* WORK REQUIRED *
Copy exactly the lines of the data below that run from the line holding "h = blk.add_hatch()" through the line holding "blk = doc.blocks.new('ABM_1400')", both ends included.
- - -
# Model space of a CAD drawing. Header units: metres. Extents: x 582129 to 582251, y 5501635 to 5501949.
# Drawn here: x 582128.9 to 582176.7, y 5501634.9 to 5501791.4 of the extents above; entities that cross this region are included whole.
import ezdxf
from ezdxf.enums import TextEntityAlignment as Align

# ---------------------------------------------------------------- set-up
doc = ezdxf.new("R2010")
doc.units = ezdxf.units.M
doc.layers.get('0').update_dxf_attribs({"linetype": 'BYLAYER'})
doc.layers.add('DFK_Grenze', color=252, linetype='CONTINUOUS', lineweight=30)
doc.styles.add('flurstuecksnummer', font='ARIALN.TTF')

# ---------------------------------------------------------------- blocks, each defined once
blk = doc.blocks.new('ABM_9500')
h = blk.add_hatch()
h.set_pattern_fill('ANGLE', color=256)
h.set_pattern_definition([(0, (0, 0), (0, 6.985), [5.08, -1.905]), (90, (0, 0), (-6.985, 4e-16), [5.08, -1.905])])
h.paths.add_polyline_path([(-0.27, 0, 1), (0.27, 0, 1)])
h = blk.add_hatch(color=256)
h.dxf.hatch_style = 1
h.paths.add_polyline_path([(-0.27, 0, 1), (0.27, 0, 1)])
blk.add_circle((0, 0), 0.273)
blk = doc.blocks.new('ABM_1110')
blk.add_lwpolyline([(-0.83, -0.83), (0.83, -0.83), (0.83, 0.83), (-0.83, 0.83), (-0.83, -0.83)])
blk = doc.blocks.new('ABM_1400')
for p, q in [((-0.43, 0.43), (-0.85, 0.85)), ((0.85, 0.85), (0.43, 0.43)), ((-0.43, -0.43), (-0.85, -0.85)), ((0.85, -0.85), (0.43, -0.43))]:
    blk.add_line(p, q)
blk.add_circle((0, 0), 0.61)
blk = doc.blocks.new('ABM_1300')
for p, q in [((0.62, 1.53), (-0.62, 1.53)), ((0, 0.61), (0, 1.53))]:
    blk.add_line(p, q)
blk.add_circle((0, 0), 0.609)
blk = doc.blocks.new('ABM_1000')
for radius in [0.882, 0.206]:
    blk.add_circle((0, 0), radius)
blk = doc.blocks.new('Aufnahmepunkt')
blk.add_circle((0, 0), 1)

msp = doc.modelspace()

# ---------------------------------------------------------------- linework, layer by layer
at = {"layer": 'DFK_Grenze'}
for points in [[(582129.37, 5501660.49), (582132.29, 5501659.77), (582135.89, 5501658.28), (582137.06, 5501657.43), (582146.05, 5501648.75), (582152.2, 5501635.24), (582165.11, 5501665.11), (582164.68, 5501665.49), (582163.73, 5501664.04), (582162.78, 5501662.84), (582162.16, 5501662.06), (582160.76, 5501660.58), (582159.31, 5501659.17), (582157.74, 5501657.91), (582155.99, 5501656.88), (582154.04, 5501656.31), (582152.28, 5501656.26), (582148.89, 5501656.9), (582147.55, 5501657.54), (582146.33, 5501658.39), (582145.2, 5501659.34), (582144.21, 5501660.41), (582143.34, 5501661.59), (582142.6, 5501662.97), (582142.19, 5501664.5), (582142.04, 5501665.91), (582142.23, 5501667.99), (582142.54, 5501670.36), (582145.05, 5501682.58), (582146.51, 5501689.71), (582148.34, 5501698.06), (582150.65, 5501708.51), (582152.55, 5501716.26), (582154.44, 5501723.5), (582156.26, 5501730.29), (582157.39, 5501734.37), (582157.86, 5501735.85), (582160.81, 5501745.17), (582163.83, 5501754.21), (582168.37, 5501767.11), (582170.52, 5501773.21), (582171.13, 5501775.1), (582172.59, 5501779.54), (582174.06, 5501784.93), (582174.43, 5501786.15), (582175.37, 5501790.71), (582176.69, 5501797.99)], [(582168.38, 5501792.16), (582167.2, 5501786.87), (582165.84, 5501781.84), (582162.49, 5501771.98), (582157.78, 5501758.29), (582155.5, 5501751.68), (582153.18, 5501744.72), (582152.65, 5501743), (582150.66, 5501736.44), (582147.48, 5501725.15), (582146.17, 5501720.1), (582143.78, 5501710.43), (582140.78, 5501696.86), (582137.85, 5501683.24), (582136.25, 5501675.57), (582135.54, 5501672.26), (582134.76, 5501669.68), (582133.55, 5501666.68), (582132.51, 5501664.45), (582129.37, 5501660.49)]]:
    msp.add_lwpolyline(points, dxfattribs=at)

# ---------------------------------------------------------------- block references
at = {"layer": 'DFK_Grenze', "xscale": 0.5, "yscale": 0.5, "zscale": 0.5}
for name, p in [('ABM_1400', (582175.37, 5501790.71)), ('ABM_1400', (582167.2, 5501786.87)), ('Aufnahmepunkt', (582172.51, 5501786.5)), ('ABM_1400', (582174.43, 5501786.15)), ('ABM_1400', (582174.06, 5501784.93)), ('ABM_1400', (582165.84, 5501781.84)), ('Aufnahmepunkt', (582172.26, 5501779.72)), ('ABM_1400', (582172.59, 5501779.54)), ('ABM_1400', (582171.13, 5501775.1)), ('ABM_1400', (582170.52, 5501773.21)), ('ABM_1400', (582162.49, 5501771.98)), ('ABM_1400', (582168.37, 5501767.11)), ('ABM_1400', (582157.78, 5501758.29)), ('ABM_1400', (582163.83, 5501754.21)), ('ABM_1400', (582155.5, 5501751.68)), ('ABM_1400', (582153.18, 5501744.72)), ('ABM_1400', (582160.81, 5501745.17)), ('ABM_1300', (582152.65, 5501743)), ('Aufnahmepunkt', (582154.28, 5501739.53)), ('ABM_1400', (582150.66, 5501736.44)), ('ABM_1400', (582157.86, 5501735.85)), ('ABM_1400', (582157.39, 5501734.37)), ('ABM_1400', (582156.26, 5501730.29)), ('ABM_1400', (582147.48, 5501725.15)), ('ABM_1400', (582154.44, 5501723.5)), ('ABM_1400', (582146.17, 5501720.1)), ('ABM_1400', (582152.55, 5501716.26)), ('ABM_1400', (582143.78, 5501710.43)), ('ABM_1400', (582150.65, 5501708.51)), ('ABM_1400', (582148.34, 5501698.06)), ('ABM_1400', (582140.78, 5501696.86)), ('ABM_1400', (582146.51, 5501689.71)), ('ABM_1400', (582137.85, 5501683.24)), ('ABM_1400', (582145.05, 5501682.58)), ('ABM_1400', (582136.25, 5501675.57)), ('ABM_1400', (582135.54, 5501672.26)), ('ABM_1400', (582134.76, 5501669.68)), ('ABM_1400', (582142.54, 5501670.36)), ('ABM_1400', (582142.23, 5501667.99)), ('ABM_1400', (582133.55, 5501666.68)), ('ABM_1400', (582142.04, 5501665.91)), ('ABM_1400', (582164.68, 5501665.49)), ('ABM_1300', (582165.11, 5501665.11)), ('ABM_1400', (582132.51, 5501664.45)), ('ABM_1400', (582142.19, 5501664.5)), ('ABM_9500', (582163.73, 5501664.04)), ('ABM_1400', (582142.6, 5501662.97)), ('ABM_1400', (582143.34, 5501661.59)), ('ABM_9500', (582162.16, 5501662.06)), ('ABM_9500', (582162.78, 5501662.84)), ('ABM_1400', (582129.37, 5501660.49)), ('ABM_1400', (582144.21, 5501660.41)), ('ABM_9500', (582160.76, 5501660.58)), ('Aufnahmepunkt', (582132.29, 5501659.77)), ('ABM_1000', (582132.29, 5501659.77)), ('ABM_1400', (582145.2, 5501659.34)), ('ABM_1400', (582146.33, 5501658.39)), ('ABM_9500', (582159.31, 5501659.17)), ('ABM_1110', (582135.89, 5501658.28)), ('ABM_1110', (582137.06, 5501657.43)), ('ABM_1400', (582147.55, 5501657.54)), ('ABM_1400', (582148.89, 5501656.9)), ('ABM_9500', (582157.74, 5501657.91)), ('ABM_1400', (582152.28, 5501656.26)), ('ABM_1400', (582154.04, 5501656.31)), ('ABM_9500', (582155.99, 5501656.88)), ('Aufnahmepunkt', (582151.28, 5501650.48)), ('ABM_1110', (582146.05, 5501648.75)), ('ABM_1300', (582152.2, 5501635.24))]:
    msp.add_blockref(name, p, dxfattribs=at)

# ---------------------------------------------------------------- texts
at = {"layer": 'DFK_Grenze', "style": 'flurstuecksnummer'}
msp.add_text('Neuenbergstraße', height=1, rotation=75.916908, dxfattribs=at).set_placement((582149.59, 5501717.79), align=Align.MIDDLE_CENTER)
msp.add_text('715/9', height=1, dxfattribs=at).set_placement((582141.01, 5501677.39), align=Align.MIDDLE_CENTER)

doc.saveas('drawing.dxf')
- - -
* WRITTEN RESPONSE *
h = blk.add_hatch()
h.set_pattern_fill('ANGLE', color=256)
h.set_pattern_definition([(0, (0, 0), (0, 6.985), [5.08, -1.905]), (90, (0, 0), (-6.985, 4e-16), [5.08, -1.905])])
h.paths.add_polyline_path([(-0.27, 0, 1), (0.27, 0, 1)])
h = blk.add_hatch(color=256)
h.dxf.hatch_style = 1
h.paths.add_polyline_path([(-0.27, 0, 1), (0.27, 0, 1)])
blk.add_circle((0, 0), 0.273)
blk = doc.blocks.new('ABM_1110')
blk.add_lwpolyline([(-0.83, -0.83), (0.83, -0.83), (0.83, 0.83), (-0.83, 0.83), (-0.83, -0.83)])
blk = doc.blocks.new('ABM_1400')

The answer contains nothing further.